- Opening Delimiter -

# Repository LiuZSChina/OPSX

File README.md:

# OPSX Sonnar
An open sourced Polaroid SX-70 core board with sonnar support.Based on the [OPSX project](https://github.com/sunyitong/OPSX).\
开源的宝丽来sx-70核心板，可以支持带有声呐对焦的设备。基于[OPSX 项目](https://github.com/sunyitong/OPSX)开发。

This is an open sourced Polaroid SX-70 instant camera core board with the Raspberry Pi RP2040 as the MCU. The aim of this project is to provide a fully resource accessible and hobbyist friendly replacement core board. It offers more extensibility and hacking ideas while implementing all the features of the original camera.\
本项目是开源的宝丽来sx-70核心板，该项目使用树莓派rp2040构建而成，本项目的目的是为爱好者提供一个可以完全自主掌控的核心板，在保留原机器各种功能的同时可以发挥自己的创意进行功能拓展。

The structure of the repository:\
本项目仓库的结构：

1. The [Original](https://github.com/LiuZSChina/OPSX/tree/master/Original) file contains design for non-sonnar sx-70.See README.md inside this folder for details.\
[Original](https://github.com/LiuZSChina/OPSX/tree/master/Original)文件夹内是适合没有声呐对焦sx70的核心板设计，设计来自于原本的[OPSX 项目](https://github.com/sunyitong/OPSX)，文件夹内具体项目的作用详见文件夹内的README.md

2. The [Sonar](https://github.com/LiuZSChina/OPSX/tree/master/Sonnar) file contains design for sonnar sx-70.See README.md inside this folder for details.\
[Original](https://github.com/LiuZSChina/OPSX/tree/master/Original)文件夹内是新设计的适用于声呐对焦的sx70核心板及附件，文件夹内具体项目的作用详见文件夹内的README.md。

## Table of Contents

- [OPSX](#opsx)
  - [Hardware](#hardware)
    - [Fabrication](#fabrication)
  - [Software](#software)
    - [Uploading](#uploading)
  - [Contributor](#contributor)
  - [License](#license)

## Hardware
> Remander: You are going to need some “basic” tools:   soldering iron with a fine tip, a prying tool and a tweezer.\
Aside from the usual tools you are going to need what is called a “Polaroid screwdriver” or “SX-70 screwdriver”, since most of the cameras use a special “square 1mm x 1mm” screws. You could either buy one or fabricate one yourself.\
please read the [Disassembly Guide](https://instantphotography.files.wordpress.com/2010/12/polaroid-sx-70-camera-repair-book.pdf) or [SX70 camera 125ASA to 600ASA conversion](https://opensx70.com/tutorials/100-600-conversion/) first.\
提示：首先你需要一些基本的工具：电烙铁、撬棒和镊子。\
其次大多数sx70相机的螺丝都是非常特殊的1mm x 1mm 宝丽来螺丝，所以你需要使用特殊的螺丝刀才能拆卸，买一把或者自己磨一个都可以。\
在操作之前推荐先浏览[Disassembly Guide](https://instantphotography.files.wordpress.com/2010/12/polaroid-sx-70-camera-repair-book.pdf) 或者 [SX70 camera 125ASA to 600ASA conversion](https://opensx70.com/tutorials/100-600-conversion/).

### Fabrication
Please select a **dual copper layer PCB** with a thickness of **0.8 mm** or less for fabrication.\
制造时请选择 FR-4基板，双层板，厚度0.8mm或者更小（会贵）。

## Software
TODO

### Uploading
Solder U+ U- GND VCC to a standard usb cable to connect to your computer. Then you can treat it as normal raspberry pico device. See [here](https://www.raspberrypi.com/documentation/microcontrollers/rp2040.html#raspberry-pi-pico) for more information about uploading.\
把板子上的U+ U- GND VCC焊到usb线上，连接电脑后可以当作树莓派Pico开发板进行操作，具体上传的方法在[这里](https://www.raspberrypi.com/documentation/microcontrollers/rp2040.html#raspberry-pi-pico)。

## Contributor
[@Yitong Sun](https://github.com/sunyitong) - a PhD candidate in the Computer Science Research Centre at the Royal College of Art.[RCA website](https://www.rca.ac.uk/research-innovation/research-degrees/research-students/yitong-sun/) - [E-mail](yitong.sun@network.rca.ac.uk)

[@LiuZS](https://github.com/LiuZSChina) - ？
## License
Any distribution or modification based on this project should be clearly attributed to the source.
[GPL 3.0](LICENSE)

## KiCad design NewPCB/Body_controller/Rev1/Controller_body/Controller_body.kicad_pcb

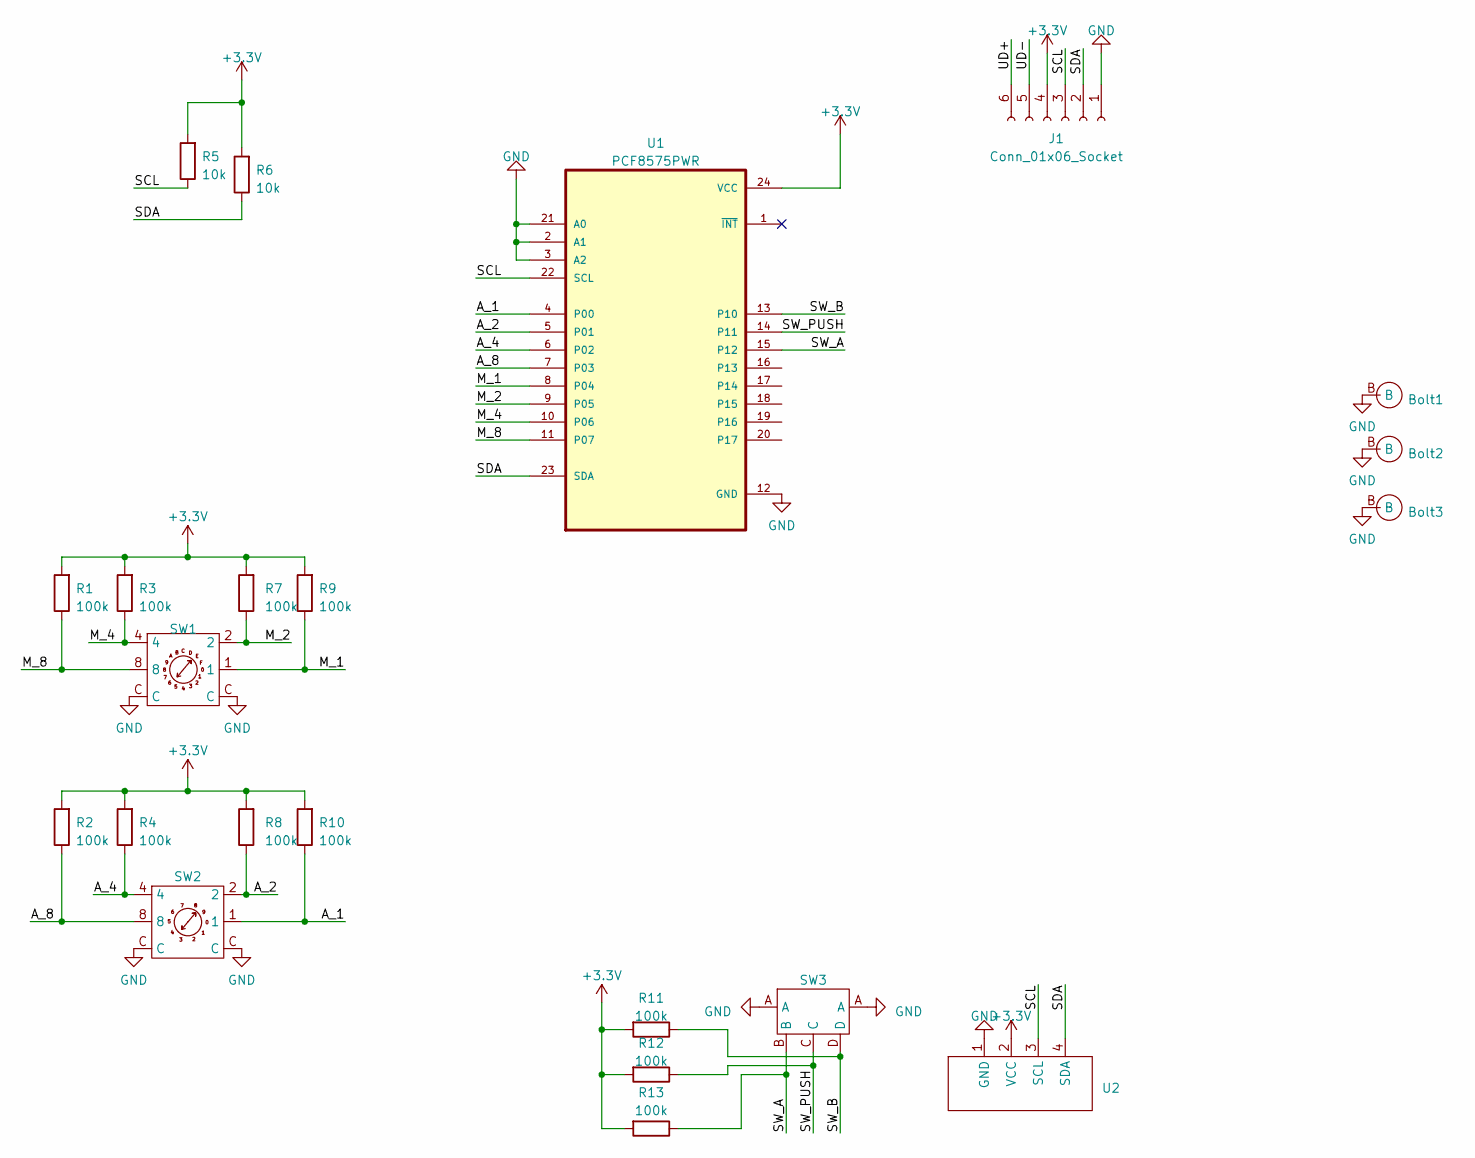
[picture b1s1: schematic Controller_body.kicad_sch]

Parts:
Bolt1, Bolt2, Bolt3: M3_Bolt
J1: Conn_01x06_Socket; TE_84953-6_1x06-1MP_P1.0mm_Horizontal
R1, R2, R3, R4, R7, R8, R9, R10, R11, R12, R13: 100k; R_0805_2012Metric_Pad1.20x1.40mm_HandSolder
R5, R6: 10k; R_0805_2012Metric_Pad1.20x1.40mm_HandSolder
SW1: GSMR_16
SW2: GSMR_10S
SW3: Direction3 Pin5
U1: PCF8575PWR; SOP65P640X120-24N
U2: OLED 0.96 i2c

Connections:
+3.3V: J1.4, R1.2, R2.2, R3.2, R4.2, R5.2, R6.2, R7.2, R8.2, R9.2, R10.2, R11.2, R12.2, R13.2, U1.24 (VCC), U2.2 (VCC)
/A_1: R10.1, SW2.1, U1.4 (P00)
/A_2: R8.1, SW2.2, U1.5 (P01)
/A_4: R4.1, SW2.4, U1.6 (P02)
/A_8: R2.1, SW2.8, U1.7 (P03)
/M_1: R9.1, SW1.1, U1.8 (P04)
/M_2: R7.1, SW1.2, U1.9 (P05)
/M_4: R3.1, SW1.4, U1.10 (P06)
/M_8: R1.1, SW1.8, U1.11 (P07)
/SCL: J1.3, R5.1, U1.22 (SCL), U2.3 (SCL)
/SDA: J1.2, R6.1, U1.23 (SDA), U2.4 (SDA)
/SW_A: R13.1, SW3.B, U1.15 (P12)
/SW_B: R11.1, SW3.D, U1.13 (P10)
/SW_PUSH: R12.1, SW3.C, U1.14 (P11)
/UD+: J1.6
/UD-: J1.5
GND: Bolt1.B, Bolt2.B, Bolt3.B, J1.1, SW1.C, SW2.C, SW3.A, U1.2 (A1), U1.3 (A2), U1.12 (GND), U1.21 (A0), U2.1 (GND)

- Closing Delimiter -

Problem details :: Starting with the first line of the entries, transcribe every line up to and including the one with "其次大多数sx70相机的螺丝都是非常特殊的1mm x 1mm".

Result ::
# Repository LiuZSChina/OPSX

File README.md:

# OPSX Sonnar
An open sourced Polaroid SX-70 core board with sonnar support.Based on the [OPSX project](https://github.com/sunyitong/OPSX).\
开源的宝丽来sx-70核心板，可以支持带有声呐对焦的设备。基于[OPSX 项目](https://github.com/sunyitong/OPSX)开发。

This is an open sourced Polaroid SX-70 instant camera core board with the Raspberry Pi RP2040 as the MCU. The aim of this project is to provide a fully resource accessible and hobbyist friendly replacement core board. It offers more extensibility and hacking ideas while implementing all the features of the original camera.\
本项目是开源的宝丽来sx-70核心板，该项目使用树莓派rp2040构建而成，本项目的目的是为爱好者提供一个可以完全自主掌控的核心板，在保留原机器各种功能的同时可以发挥自己的创意进行功能拓展。

The structure of the repository:\
本项目仓库的结构：

1. The [Original](https://github.com/LiuZSChina/OPSX/tree/master/Original) file contains design for non-sonnar sx-70.See README.md inside this folder for details.\
[Original](https://github.com/LiuZSChina/OPSX/tree/master/Original)文件夹内是适合没有声呐对焦sx70的核心板设计，设计来自于原本的[OPSX 项目](https://github.com/sunyitong/OPSX)，文件夹内具体项目的作用详见文件夹内的README.md

2. The [Sonar](https://github.com/LiuZSChina/OPSX/tree/master/Sonnar) file contains design for sonnar sx-70.See README.md inside this folder for details.\
[Original](https://github.com/LiuZSChina/OPSX/tree/master/Original)文件夹内是新设计的适用于声呐对焦的sx70核心板及附件，文件夹内具体项目的作用详见文件夹内的README.md。

## Table of Contents

- [OPSX](#opsx)
  - [Hardware](#hardware)
    - [Fabrication](#fabrication)
  - [Software](#software)
    - [Uploading](#uploading)
  - [Contributor](#contributor)
  - [License](#license)

## Hardware
> Remander: You are going to need some “basic” tools:   soldering iron with a fine tip, a prying tool and a tweezer.\
Aside from the usual tools you are going to need what is called a “Polaroid screwdriver” or “SX-70 screwdriver”, since most of the cameras use a special “square 1mm x 1mm” screws. You could either buy one or fabricate one yourself.\
please read the [Disassembly Guide](https://instantphotography.files.wordpress.com/2010/12/polaroid-sx-70-camera-repair-book.pdf) or [SX70 camera 125ASA to 600ASA conversion](https://opensx70.com/tutorials/100-600-conversion/) first.\
提示：首先你需要一些基本的工具：电烙铁、撬棒和镊子。\
其次大多数sx70相机的螺丝都是非常特殊的1mm x 1mm 宝丽来螺丝，所以你需要使用特殊的螺丝刀才能拆卸，买一把或者自己磨一个都可以。\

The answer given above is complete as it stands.